Monday, November 8, 2010

Title: Monster
Author: Walter Dean Myers
Pages: 281
Genre: Fiction, Young Adult
Publisher: Amistad (Harper Collins)
Release Date: April 21, 1999

I had my eye on this one for a while and finally decided it was time to pick it up. This would have made a great read-a-thon book because of its unique and engaging style of writing. Ah well. But it's definitely a quick and enjoyable read that also gives you something to think about.

Steve Harmon is a 16-year-old African American boy on trial for a murder he may not have committed. Steve has been sitting in jail awaiting his trial and is terrified at the thought of being sentenced to 25 years to life. Prior to going to jail, Steve was a high school student and enjoyed his film class. So in order to quell his anxiety, Steve turns his trial into a movie script. Each chapter started off with a few pages of Steve's writing that are either similar to a journal entry or are in the form of "notes". The following pages of each chapter are the movie script of what is going on around him, including the production instructions including what camera angles to use... (focusing in on the jury, long shot of the courtroom, close up of the defendant, etc. etc.)

The majority of the script is the trial itself which is the mechanism through with the reader learns what may have happened (keeping in mind, of course, that not all the witnesses may be motivated to tell the truth). In a few scenes, Steve flashes back to give the reader a glimpse into what his life was like prior to being arrested.

Monster lacked the big punch at the end that I had somewhat anticipated but did contain some more subtle messages about truth and prejudice. For instance, Steve's attorney, though creating a great defense, actually believes he committed the crime because of her prejudice. Though this isn't a major part of the story in any way, it contributes to the illustration of this concept; and in one moment near the end, Steve finds himself confused at her actions because of his naivete to said concept. Monster was an easy read but one that clearly presented some social issues that could lead to discussion!

Monster was the winner of the Michael Printz Award for Young Adult Literature in 2000, was a National Book Award finalist in 1999, and was a Coretta Scott King Honor Book in 2000. Definitely worth checking out!


christina said...

Dean is a popular author with my students even though I've never actually picked up any of his works. I think that he is really boy-friendly and reluctant reader - friendly.

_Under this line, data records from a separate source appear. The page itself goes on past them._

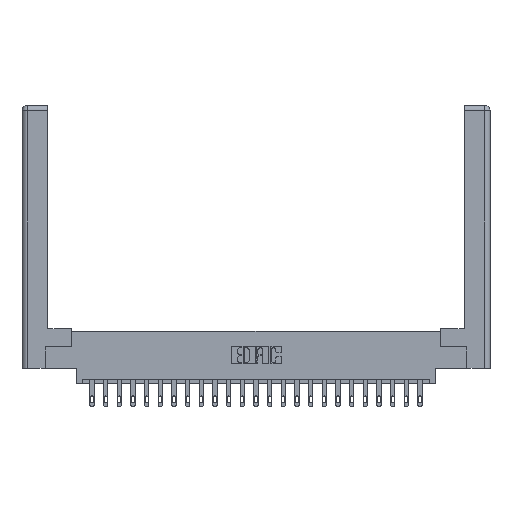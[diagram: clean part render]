
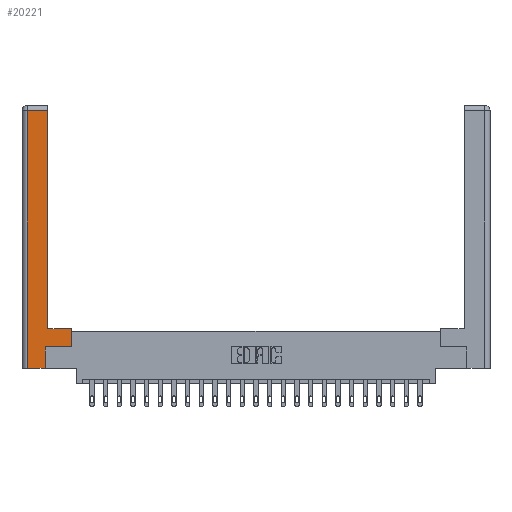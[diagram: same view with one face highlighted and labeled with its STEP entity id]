
A CAD part, top view. The second image highlights one B-rep face of the part: STEP entity #20221.
In plain terms, the highlighted planar face has unit normal (0, 0, 1).
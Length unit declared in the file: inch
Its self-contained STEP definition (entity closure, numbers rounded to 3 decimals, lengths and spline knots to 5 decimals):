
#418 = VECTOR ( 'NONE', #13907, 39.37008 ) ;
#998 = DIRECTION ( 'NONE',  ( 0., 0., -1. ) ) ;
#1299 = VECTOR ( 'NONE', #5932, 39.37008 ) ;
#1701 = LINE ( 'NONE', #20860, #18689 ) ;
#2306 = DIRECTION ( 'NONE',  ( 1., 0., 0. ) ) ;
#2366 = ORIENTED_EDGE ( 'NONE', *, *, #10690, .T. ) ;
#2379 = CARTESIAN_POINT ( 'NONE',  ( 0.565, 0.245, 0. ) ) ;
#2424 = VERTEX_POINT ( 'NONE', #11242 ) ;
#2531 = VERTEX_POINT ( 'NONE', #2379 ) ;
#2555 = EDGE_CURVE ( 'NONE', #7389, #2424, #16528, .T. ) ;
#3849 = DIRECTION ( 'NONE',  ( 0., 1., 0. ) ) ;
#3853 = FACE_OUTER_BOUND ( 'NONE', #3974, .T. ) ;
#3923 = CARTESIAN_POINT ( 'NONE',  ( 0.265, 0.245, 0. ) ) ;
#3974 = EDGE_LOOP ( 'NONE', ( #2366, #7760, #23906, #14959, #4752, #15238, #15988, #21761 ) ) ;
#4014 = CARTESIAN_POINT ( 'NONE',  ( 0.0615, 0., 0. ) ) ;
#4451 = CARTESIAN_POINT ( 'NONE',  ( 0.0615, 2.94, 0. ) ) ;
#4752 = ORIENTED_EDGE ( 'NONE', *, *, #21099, .T. ) ;
#5084 = EDGE_CURVE ( 'NONE', #19038, #7389, #6568, .T. ) ;
#5932 = DIRECTION ( 'NONE',  ( 0., 1., 0. ) ) ;
#6568 = LINE ( 'NONE', #4451, #418 ) ;
#7389 = VERTEX_POINT ( 'NONE', #16466 ) ;
#7545 = DIRECTION ( 'NONE',  ( 0., 1., 0. ) ) ;
#7642 = CARTESIAN_POINT ( 'NONE',  ( 0.265, 0., 0. ) ) ;
#7760 = ORIENTED_EDGE ( 'NONE', *, *, #5084, .T. ) ;
#8191 = VERTEX_POINT ( 'NONE', #22453 ) ;
#8256 = EDGE_CURVE ( 'NONE', #23671, #8191, #20503, .T. ) ;
#8374 = PLANE ( 'NONE',  #10267 ) ;
#8852 = CARTESIAN_POINT ( 'NONE',  ( 0.265, 0.245, 0. ) ) ;
#9056 = LINE ( 'NONE', #3923, #13434 ) ;
#9840 = DIRECTION ( 'NONE',  ( -1., 0., 0. ) ) ;
#10085 = VECTOR ( 'NONE', #2306, 39.37008 ) ;
#10267 = AXIS2_PLACEMENT_3D ( 'NONE', #16216, #998, #14243 ) ;
#10690 = EDGE_CURVE ( 'NONE', #8191, #19038, #10992, .T. ) ;
#10992 = LINE ( 'NONE', #15059, #1299 ) ;
#11045 = CARTESIAN_POINT ( 'NONE',  ( 0.295, 2.94, 0. ) ) ;
#11242 = CARTESIAN_POINT ( 'NONE',  ( 0.0615, 0., 0. ) ) ;
#13253 = CARTESIAN_POINT ( 'NONE',  ( 0.565, 0.45, 0. ) ) ;
#13434 = VECTOR ( 'NONE', #3849, 39.37008 ) ;
#13907 = DIRECTION ( 'NONE',  ( -1., 0., 0. ) ) ;
#14243 = DIRECTION ( 'NONE',  ( -1., 0., 0. ) ) ;
#14959 = ORIENTED_EDGE ( 'NONE', *, *, #18360, .T. ) ;
#15059 = CARTESIAN_POINT ( 'NONE',  ( 0.295, 3., 0. ) ) ;
#15110 = DIRECTION ( 'NONE',  ( 1., 0., 0. ) ) ;
#15238 = ORIENTED_EDGE ( 'NONE', *, *, #21223, .T. ) ;
#15934 = VERTEX_POINT ( 'NONE', #16147 ) ;
#15988 = ORIENTED_EDGE ( 'NONE', *, *, #16335, .T. ) ;
#16147 = CARTESIAN_POINT ( 'NONE',  ( 0.265, 0., 0. ) ) ;
#16216 = CARTESIAN_POINT ( 'NONE',  ( 0., 0., 0. ) ) ;
#16335 = EDGE_CURVE ( 'NONE', #2531, #23671, #18277, .T. ) ;
#16466 = CARTESIAN_POINT ( 'NONE',  ( 0.0615, 2.94, 0. ) ) ;
#16528 = LINE ( 'NONE', #4014, #23610 ) ;
#16723 = VERTEX_POINT ( 'NONE', #8852 ) ;
#17961 = LINE ( 'NONE', #7642, #10085 ) ;
#18277 = LINE ( 'NONE', #22723, #20930 ) ;
#18360 = EDGE_CURVE ( 'NONE', #2424, #15934, #17961, .T. ) ;
#18689 = VECTOR ( 'NONE', #15110, 39.37008 ) ;
#19038 = VERTEX_POINT ( 'NONE', #11045 ) ;
#19335 = VECTOR ( 'NONE', #9840, 39.37008 ) ;
#20221 = ADVANCED_FACE ( 'NONE', ( #3853 ), #8374, .F. ) ;
#20503 = LINE ( 'NONE', #21038, #19335 ) ;
#20860 = CARTESIAN_POINT ( 'NONE',  ( 0.565, 0.245, 0. ) ) ;
#20930 = VECTOR ( 'NONE', #7545, 39.37008 ) ;
#20956 = DIRECTION ( 'NONE',  ( 0., -1., 0. ) ) ;
#21038 = CARTESIAN_POINT ( 'NONE',  ( 0.295, 0.45, 0. ) ) ;
#21099 = EDGE_CURVE ( 'NONE', #15934, #16723, #9056, .T. ) ;
#21223 = EDGE_CURVE ( 'NONE', #16723, #2531, #1701, .T. ) ;
#21761 = ORIENTED_EDGE ( 'NONE', *, *, #8256, .T. ) ;
#22453 = CARTESIAN_POINT ( 'NONE',  ( 0.295, 0.45, 0. ) ) ;
#22723 = CARTESIAN_POINT ( 'NONE',  ( 0.565, 0.45, 0. ) ) ;
#23610 = VECTOR ( 'NONE', #20956, 39.37008 ) ;
#23671 = VERTEX_POINT ( 'NONE', #13253 ) ;
#23906 = ORIENTED_EDGE ( 'NONE', *, *, #2555, .T. ) ;

I admit, I did pick this book up a couple of years ago to see what it was all about but never stuck with it.

Helen's Book Blog said...

I liked this book when I read it and recommend it to my high school students often. They have all enjoyed it so far and it gets those reluctant readers to come back for more!

Zibilee said...

I have heard a little about this book, and think it sounds very interesting. I like the film-making angle, and I also think it sounds sort of suspenseful. Though the ending was not what you were expecting, it does indeed sound like a great read, and one that I bet my kids would appreciate as well. Thanks for the awesome review, Jenny!

Nikola said...

Wow, this really *does* sound unique! I'm sure I'd love the movie aspect. And you're right, it does seem just right for the readathon.

Jenny said...

-Christina: I could definitely see that... I've noticed he has a lot of other books about sports and stuff.

-Helen: Hey, anything that gets people/kids reading more!!

-Zibilee: I think this would be a popular one for kids. =)

-Nikola: It was a fast read!

Carin S. said...

I had this one on my shelf for 10+ years and never got around to it. Last year a friend was over, helping me change out some light fixtures, and he brought his 11-year-old son. Son was bored and I worried that would lead to bad things, so I gave him a book - this one. He loved it. Dad said he wrote a book report on it for school and got a good grade. Kind of wish I'd read it at some point before I gave it to him! Alas. But I know it found a very good home.

Stephanie aka The Stark Raving Bibliophile said...

I read a memoir by this author and enjoyed it a lot. Monster sounds like something I'd enjoy. I like novels that explore issues in subtle ways.

Michelle (Red Headed Book Child) said...

His books are incredibly popular with our area schools. They seem to be bought up around the beginning of the school year. I have never read any of them. Interesting story, good review!

Meg said...

When I worked at a bookstore, I had teens pouring in by the droves for this book -- either as required reading or because a friend had recommended it. Glad to hear it's thought-provoking, and a worthy read!

irisonbooks said...

It sounds very much like a book I would like to read :) Unlike many of the commenters above I had never heard of it before!